* _EXERCISE DATA_
****

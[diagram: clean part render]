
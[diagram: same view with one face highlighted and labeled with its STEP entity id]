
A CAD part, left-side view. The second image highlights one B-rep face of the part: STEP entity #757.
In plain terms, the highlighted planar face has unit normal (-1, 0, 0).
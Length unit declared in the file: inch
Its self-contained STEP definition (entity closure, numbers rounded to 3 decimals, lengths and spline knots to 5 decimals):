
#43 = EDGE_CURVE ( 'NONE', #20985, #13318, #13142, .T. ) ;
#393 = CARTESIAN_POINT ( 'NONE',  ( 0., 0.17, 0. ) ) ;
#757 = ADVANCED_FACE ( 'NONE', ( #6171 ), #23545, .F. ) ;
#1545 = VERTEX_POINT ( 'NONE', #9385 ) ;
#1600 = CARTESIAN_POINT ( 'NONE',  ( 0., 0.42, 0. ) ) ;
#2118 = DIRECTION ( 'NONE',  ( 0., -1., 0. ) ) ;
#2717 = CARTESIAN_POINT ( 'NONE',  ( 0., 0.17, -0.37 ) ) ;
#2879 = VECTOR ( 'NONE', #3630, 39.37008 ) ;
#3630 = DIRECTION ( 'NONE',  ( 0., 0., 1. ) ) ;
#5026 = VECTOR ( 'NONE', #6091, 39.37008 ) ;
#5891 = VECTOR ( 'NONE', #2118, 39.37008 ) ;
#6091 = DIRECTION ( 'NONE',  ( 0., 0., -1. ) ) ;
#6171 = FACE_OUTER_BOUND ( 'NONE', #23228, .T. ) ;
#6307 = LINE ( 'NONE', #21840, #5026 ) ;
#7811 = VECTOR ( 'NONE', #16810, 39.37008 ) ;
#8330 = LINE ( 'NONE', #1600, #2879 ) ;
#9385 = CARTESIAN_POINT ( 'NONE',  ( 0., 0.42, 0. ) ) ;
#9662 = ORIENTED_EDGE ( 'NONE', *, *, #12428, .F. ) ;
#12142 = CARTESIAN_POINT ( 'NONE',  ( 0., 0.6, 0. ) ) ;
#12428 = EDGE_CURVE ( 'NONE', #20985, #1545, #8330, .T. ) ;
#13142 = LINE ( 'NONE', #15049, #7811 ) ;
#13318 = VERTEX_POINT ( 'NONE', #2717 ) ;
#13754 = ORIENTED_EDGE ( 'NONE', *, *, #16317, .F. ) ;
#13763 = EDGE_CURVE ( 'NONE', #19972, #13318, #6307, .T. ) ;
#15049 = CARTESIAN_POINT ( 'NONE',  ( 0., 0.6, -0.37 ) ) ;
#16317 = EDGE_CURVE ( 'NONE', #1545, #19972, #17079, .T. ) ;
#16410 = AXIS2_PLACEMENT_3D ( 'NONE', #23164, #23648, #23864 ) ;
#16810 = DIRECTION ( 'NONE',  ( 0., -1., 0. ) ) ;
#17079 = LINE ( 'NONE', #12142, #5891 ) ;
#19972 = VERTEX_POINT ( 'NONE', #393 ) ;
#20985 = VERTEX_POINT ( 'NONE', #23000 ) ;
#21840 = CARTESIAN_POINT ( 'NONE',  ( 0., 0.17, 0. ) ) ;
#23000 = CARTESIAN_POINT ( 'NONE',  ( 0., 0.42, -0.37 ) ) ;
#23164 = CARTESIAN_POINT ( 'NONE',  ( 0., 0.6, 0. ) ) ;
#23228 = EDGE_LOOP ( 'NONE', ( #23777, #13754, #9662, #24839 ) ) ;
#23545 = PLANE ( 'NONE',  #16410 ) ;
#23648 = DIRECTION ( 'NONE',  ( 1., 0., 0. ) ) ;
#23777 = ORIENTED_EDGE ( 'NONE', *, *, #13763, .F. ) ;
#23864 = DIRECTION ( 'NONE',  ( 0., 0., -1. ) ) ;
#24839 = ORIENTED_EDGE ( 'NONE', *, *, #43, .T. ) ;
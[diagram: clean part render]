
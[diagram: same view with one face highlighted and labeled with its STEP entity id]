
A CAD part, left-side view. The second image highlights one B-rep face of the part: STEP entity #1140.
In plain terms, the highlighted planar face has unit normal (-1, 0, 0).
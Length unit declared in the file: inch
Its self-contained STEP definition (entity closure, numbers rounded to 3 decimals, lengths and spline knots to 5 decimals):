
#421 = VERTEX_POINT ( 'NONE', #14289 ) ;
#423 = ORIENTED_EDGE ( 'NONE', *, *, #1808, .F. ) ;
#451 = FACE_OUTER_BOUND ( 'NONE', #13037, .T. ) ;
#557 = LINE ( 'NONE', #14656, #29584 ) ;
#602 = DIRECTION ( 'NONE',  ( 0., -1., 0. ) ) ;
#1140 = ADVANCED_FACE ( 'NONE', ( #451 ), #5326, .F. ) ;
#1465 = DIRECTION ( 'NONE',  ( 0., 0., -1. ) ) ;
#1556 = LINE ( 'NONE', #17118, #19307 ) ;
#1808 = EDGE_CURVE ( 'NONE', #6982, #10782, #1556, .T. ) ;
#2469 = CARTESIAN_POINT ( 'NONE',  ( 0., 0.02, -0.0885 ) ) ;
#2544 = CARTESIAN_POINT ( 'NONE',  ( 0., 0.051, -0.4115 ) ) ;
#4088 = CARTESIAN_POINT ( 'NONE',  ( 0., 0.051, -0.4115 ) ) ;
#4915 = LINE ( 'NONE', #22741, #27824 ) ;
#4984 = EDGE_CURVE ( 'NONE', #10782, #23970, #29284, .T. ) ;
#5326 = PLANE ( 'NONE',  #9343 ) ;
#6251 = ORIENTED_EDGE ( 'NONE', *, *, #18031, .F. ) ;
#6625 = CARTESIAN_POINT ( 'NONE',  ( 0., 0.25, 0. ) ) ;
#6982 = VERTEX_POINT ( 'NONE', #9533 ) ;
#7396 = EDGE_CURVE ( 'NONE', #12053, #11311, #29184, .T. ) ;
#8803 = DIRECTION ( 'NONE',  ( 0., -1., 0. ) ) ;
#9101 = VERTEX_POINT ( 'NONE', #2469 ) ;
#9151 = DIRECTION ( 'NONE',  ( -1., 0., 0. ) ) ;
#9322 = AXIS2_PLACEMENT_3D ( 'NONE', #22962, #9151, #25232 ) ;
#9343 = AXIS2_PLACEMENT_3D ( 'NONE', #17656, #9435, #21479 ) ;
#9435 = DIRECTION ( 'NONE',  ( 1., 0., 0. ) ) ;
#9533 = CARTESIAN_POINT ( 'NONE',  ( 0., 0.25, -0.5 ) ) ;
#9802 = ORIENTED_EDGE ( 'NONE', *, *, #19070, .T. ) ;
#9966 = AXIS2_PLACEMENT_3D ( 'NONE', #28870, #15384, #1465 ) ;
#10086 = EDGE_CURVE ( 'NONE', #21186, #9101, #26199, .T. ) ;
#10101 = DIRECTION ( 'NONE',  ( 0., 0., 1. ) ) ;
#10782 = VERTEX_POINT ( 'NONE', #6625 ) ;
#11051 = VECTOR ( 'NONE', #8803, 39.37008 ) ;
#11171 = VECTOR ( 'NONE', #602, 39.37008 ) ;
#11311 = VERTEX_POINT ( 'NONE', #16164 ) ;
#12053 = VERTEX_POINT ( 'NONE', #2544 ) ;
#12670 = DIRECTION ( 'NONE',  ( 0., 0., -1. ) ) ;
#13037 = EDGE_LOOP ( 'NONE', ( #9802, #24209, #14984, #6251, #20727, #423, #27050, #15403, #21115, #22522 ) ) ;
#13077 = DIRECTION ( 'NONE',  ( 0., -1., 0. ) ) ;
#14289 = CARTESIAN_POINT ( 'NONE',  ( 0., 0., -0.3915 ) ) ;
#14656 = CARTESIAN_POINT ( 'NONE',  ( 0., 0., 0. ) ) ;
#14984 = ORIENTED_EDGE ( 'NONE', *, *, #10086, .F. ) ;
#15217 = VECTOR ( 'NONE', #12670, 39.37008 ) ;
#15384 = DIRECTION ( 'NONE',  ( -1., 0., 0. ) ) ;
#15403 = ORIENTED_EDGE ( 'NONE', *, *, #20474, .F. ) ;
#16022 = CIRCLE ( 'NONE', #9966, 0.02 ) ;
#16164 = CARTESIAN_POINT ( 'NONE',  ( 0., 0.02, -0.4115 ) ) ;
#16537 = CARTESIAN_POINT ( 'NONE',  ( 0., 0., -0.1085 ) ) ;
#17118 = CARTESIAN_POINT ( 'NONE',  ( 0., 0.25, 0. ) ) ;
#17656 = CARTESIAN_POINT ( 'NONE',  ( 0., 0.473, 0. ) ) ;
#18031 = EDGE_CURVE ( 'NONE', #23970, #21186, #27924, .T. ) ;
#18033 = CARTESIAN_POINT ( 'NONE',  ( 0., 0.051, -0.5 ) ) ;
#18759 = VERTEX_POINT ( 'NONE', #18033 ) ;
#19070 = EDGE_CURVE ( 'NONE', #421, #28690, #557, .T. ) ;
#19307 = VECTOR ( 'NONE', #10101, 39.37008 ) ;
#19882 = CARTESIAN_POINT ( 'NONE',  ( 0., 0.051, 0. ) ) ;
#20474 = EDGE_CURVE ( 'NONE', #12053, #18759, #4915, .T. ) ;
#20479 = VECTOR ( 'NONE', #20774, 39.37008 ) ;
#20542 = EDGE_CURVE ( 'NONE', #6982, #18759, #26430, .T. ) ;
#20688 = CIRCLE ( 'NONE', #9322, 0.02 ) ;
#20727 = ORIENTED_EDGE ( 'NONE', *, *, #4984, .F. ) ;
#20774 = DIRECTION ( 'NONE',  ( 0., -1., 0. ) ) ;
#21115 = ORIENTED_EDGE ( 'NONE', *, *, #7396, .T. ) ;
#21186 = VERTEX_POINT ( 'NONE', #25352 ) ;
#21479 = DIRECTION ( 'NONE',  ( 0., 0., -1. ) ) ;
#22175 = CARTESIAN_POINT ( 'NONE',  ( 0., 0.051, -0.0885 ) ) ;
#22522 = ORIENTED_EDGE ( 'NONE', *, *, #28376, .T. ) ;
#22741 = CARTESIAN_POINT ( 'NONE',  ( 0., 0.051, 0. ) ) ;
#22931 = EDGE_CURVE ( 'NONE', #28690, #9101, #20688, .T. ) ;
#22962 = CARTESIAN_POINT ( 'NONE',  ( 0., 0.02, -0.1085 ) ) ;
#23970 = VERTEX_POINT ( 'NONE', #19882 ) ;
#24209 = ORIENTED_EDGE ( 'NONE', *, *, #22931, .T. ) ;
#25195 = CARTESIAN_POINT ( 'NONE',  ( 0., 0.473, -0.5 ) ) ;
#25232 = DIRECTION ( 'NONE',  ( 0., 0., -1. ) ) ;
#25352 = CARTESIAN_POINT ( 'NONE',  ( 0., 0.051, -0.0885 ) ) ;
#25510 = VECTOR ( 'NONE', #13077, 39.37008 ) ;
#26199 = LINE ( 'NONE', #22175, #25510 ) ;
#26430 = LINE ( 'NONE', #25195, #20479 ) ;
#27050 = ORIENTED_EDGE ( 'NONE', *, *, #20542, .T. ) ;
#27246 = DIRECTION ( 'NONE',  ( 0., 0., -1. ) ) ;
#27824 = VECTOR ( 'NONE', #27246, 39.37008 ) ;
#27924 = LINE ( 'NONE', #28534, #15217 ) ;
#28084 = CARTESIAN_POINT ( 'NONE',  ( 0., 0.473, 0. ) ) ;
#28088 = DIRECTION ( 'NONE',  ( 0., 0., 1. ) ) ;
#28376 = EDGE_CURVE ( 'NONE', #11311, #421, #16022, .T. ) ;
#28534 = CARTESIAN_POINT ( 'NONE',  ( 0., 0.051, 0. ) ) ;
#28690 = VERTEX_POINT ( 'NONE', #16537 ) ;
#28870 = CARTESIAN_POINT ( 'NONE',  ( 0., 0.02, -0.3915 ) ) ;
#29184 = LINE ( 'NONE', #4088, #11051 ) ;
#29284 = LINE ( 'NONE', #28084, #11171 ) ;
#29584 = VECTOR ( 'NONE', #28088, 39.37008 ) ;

****

* _TASK REQUIREMENTS_
Retype word for word the lines running from the line containing "#19882 = CARTESIAN_POINT" to the end of the listing, and only those.

* _EXERCISE RESULT_
#19882 = CARTESIAN_POINT ( 'NONE',  ( 0., 0.051, 0. ) ) ;
#20474 = EDGE_CURVE ( 'NONE', #12053, #18759, #4915, .T. ) ;
#20479 = VECTOR ( 'NONE', #20774, 39.37008 ) ;
#20542 = EDGE_CURVE ( 'NONE', #6982, #18759, #26430, .T. ) ;
#20688 = CIRCLE ( 'NONE', #9322, 0.02 ) ;
#20727 = ORIENTED_EDGE ( 'NONE', *, *, #4984, .F. ) ;
#20774 = DIRECTION ( 'NONE',  ( 0., -1., 0. ) ) ;
#21115 = ORIENTED_EDGE ( 'NONE', *, *, #7396, .T. ) ;
#21186 = VERTEX_POINT ( 'NONE', #25352 ) ;
#21479 = DIRECTION ( 'NONE',  ( 0., 0., -1. ) ) ;
#22175 = CARTESIAN_POINT ( 'NONE',  ( 0., 0.051, -0.0885 ) ) ;
#22522 = ORIENTED_EDGE ( 'NONE', *, *, #28376, .T. ) ;
#22741 = CARTESIAN_POINT ( 'NONE',  ( 0., 0.051, 0. ) ) ;
#22931 = EDGE_CURVE ( 'NONE', #28690, #9101, #20688, .T. ) ;
#22962 = CARTESIAN_POINT ( 'NONE',  ( 0., 0.02, -0.1085 ) ) ;
#23970 = VERTEX_POINT ( 'NONE', #19882 ) ;
#24209 = ORIENTED_EDGE ( 'NONE', *, *, #22931, .T. ) ;
#25195 = CARTESIAN_POINT ( 'NONE',  ( 0., 0.473, -0.5 ) ) ;
#25232 = DIRECTION ( 'NONE',  ( 0., 0., -1. ) ) ;
#25352 = CARTESIAN_POINT ( 'NONE',  ( 0., 0.051, -0.0885 ) ) ;
#25510 = VECTOR ( 'NONE', #13077, 39.37008 ) ;
#26199 = LINE ( 'NONE', #22175, #25510 ) ;
#26430 = LINE ( 'NONE', #25195, #20479 ) ;
#27050 = ORIENTED_EDGE ( 'NONE', *, *, #20542, .T. ) ;
#27246 = DIRECTION ( 'NONE',  ( 0., 0., -1. ) ) ;
#27824 = VECTOR ( 'NONE', #27246, 39.37008 ) ;
#27924 = LINE ( 'NONE', #28534, #15217 ) ;
#28084 = CARTESIAN_POINT ( 'NONE',  ( 0., 0.473, 0. ) ) ;
#28088 = DIRECTION ( 'NONE',  ( 0., 0., 1. ) ) ;
#28376 = EDGE_CURVE ( 'NONE', #11311, #421, #16022, .T. ) ;
#28534 = CARTESIAN_POINT ( 'NONE',  ( 0., 0.051, 0. ) ) ;
#28690 = VERTEX_POINT ( 'NONE', #16537 ) ;
#28870 = CARTESIAN_POINT ( 'NONE',  ( 0., 0.02, -0.3915 ) ) ;
#29184 = LINE ( 'NONE', #4088, #11051 ) ;
#29284 = LINE ( 'NONE', #28084, #11171 ) ;
#29584 = VECTOR ( 'NONE', #28088, 39.37008 ) ;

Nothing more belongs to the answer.